(About this task):
Reproduce exactly the lines from the top of the records below through the line holding "(part 7 of 45)".

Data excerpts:

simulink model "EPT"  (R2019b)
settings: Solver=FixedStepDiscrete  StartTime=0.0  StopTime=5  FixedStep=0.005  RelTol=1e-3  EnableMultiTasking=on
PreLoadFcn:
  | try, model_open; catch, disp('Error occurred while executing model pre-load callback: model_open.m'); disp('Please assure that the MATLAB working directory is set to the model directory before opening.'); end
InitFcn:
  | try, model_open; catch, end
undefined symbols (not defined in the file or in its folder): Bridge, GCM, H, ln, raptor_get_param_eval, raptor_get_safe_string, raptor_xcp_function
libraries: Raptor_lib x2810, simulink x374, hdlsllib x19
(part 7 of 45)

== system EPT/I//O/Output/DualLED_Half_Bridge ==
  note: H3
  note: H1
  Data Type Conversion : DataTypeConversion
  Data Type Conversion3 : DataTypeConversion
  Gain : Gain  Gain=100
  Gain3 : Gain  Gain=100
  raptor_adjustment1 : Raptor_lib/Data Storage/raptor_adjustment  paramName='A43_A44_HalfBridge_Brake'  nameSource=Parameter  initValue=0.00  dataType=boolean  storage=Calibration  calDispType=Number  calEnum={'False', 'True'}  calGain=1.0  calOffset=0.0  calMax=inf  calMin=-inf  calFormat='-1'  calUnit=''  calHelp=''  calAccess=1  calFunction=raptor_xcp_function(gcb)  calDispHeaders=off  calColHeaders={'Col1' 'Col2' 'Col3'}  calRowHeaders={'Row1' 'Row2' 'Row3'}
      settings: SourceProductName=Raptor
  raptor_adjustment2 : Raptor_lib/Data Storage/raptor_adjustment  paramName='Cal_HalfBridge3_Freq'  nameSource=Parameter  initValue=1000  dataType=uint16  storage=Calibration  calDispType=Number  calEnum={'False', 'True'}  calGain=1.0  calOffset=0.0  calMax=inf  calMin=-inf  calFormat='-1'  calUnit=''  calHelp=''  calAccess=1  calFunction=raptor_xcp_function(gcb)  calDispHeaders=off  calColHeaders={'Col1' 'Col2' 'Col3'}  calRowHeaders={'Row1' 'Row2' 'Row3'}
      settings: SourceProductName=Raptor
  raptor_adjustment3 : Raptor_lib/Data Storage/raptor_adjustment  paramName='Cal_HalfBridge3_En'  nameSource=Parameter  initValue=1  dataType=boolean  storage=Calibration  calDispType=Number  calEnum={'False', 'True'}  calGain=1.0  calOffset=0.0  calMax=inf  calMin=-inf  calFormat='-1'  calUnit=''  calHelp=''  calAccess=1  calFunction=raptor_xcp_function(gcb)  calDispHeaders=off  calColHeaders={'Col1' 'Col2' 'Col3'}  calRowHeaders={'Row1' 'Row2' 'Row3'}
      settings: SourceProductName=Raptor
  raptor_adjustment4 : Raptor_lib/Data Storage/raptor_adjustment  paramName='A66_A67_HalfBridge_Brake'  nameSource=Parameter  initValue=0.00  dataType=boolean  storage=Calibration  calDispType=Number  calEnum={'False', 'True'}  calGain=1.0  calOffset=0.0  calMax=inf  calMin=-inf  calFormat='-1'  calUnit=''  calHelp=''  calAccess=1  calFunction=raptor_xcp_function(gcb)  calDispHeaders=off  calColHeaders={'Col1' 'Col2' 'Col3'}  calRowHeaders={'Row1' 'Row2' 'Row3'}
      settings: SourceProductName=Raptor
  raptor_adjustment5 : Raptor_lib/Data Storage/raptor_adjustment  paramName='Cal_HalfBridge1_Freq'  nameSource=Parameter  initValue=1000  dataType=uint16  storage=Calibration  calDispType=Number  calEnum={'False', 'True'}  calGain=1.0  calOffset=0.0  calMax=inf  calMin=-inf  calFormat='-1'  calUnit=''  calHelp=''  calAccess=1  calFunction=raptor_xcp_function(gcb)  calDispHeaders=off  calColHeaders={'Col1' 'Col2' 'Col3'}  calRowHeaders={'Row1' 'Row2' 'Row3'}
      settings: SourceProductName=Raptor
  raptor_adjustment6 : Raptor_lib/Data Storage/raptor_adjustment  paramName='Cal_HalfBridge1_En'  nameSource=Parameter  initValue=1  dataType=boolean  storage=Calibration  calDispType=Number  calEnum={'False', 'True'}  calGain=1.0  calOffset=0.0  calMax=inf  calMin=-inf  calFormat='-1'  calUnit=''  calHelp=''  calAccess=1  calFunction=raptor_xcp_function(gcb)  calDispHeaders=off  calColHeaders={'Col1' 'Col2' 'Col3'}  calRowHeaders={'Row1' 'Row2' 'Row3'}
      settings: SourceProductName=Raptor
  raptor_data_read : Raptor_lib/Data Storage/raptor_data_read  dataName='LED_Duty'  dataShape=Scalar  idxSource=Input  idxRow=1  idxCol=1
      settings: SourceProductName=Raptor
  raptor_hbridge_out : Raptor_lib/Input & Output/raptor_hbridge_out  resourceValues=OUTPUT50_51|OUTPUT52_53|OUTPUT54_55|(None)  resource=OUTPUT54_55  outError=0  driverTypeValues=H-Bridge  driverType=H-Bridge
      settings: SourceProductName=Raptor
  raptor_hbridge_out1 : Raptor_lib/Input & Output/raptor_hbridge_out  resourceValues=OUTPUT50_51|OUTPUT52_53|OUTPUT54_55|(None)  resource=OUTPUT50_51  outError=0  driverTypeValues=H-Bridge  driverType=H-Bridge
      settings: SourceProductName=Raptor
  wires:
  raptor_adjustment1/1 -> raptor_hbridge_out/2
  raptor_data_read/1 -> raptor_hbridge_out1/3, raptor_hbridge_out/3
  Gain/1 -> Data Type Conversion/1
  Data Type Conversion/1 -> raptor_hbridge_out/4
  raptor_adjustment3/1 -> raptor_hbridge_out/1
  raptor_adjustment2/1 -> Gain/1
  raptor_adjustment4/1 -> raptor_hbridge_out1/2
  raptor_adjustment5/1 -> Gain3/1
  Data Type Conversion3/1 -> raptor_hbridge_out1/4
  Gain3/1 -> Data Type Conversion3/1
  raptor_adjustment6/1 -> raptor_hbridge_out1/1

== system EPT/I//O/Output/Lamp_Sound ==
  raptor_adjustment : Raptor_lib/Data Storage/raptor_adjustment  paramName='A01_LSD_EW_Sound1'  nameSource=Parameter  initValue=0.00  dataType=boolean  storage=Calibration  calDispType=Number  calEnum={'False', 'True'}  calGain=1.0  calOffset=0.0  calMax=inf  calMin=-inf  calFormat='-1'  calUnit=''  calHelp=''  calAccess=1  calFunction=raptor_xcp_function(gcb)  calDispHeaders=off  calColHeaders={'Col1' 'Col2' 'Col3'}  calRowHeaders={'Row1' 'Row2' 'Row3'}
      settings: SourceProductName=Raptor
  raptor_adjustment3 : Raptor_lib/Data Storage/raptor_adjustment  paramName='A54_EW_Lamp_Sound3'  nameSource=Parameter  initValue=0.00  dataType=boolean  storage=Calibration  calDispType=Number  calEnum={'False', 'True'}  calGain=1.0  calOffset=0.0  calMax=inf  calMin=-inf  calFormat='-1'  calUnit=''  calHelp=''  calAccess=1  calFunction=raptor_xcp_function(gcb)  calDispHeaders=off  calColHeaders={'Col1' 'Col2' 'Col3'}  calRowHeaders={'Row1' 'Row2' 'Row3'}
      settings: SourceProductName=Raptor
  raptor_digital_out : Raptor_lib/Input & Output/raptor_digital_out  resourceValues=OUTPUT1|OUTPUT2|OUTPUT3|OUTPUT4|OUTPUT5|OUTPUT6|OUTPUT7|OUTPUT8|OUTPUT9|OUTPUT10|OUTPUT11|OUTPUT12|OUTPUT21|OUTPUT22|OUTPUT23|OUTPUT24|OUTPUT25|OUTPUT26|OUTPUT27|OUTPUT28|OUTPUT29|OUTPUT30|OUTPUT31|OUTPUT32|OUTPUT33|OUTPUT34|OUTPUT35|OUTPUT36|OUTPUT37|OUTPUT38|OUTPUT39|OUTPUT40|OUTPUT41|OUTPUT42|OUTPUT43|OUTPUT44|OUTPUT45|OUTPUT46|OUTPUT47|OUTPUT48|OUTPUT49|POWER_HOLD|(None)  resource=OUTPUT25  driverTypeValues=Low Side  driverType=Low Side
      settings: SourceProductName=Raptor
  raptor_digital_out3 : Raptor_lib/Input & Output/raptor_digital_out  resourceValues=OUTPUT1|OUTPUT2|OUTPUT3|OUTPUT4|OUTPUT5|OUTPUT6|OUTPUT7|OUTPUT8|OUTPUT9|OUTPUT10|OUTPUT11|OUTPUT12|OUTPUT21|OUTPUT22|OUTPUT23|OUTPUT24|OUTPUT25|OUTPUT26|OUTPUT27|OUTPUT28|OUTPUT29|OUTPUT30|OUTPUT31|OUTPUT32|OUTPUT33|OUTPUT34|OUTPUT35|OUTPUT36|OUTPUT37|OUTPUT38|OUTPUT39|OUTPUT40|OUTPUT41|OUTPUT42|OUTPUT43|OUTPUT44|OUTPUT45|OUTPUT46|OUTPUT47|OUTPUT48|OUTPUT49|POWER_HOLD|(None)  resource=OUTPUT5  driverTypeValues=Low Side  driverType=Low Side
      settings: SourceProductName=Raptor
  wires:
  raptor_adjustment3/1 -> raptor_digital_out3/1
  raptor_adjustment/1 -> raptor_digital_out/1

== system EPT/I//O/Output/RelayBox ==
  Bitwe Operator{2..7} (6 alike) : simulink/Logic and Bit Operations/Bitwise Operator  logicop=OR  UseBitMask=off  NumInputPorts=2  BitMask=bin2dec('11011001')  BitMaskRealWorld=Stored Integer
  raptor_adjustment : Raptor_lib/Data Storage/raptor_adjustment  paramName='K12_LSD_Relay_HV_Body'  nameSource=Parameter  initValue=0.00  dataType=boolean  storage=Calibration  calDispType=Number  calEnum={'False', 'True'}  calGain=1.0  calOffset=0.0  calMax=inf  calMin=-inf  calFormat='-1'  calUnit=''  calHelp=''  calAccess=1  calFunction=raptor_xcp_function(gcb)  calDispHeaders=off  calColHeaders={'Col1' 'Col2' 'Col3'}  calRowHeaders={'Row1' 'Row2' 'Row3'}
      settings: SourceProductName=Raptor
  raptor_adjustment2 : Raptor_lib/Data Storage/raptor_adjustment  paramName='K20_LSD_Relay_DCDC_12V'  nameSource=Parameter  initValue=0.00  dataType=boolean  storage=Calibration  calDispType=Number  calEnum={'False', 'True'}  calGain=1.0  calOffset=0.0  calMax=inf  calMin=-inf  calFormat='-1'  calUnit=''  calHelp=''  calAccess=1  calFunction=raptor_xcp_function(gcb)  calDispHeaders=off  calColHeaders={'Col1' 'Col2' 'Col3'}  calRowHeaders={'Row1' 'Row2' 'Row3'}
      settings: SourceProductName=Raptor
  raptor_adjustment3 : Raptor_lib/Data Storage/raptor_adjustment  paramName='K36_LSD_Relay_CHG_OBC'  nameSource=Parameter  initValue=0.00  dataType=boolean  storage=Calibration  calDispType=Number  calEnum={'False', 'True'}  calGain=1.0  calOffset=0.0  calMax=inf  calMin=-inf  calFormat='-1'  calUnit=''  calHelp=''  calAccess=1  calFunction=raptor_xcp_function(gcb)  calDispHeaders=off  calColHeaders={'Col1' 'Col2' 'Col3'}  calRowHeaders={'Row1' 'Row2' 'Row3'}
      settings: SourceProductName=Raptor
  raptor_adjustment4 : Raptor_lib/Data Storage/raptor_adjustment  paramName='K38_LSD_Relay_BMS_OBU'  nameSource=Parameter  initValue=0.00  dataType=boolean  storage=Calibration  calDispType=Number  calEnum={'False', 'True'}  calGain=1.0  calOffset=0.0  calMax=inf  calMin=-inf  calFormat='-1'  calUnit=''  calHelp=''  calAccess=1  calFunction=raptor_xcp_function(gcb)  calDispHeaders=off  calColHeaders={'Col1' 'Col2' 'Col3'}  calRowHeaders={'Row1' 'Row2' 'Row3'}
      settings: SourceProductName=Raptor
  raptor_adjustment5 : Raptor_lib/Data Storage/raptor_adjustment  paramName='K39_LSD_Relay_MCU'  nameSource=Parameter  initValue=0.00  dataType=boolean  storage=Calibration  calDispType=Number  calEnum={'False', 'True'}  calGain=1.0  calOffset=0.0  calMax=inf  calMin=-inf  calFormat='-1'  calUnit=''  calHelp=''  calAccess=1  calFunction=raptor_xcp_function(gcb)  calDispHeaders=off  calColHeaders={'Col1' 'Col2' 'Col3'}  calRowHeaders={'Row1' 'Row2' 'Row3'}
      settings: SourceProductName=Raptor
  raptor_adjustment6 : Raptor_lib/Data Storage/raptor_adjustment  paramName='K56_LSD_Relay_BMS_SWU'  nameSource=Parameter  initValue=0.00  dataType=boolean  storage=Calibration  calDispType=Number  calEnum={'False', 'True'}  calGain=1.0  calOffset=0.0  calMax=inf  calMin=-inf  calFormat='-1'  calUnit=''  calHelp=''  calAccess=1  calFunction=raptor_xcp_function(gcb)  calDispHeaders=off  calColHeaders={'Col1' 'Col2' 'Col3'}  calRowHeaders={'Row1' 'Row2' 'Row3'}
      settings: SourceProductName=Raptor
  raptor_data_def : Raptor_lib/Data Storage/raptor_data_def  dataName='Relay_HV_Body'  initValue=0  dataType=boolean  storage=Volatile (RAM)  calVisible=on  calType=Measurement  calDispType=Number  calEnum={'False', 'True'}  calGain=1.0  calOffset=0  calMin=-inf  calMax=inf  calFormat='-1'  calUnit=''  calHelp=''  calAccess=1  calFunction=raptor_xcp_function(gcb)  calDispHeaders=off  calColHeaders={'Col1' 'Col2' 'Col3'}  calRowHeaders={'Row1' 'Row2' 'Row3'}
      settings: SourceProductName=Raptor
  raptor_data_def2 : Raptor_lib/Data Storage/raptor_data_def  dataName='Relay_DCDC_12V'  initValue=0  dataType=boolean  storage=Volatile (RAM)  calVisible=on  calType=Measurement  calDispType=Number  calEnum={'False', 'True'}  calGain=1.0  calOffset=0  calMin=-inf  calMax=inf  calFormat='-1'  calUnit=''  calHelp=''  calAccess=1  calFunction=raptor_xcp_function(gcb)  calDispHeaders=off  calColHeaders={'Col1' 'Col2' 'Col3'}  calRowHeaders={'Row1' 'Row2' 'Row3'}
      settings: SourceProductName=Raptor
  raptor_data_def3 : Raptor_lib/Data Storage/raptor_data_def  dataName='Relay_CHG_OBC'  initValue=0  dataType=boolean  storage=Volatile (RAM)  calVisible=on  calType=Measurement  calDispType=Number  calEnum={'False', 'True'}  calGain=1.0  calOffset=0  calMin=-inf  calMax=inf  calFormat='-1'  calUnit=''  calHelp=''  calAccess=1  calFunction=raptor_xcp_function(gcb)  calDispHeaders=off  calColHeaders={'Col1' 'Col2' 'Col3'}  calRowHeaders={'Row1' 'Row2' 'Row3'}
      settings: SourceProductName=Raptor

(Response to the exercise):
simulink model "EPT"  (R2019b)
settings: Solver=FixedStepDiscrete  StartTime=0.0  StopTime=5  FixedStep=0.005  RelTol=1e-3  EnableMultiTasking=on
PreLoadFcn:
  | try, model_open; catch, disp('Error occurred while executing model pre-load callback: model_open.m'); disp('Please assure that the MATLAB working directory is set to the model directory before opening.'); end
InitFcn:
  | try, model_open; catch, end
undefined symbols (not defined in the file or in its folder): Bridge, GCM, H, ln, raptor_get_param_eval, raptor_get_safe_string, raptor_xcp_function
libraries: Raptor_lib x2810, simulink x374, hdlsllib x19
(part 7 of 45)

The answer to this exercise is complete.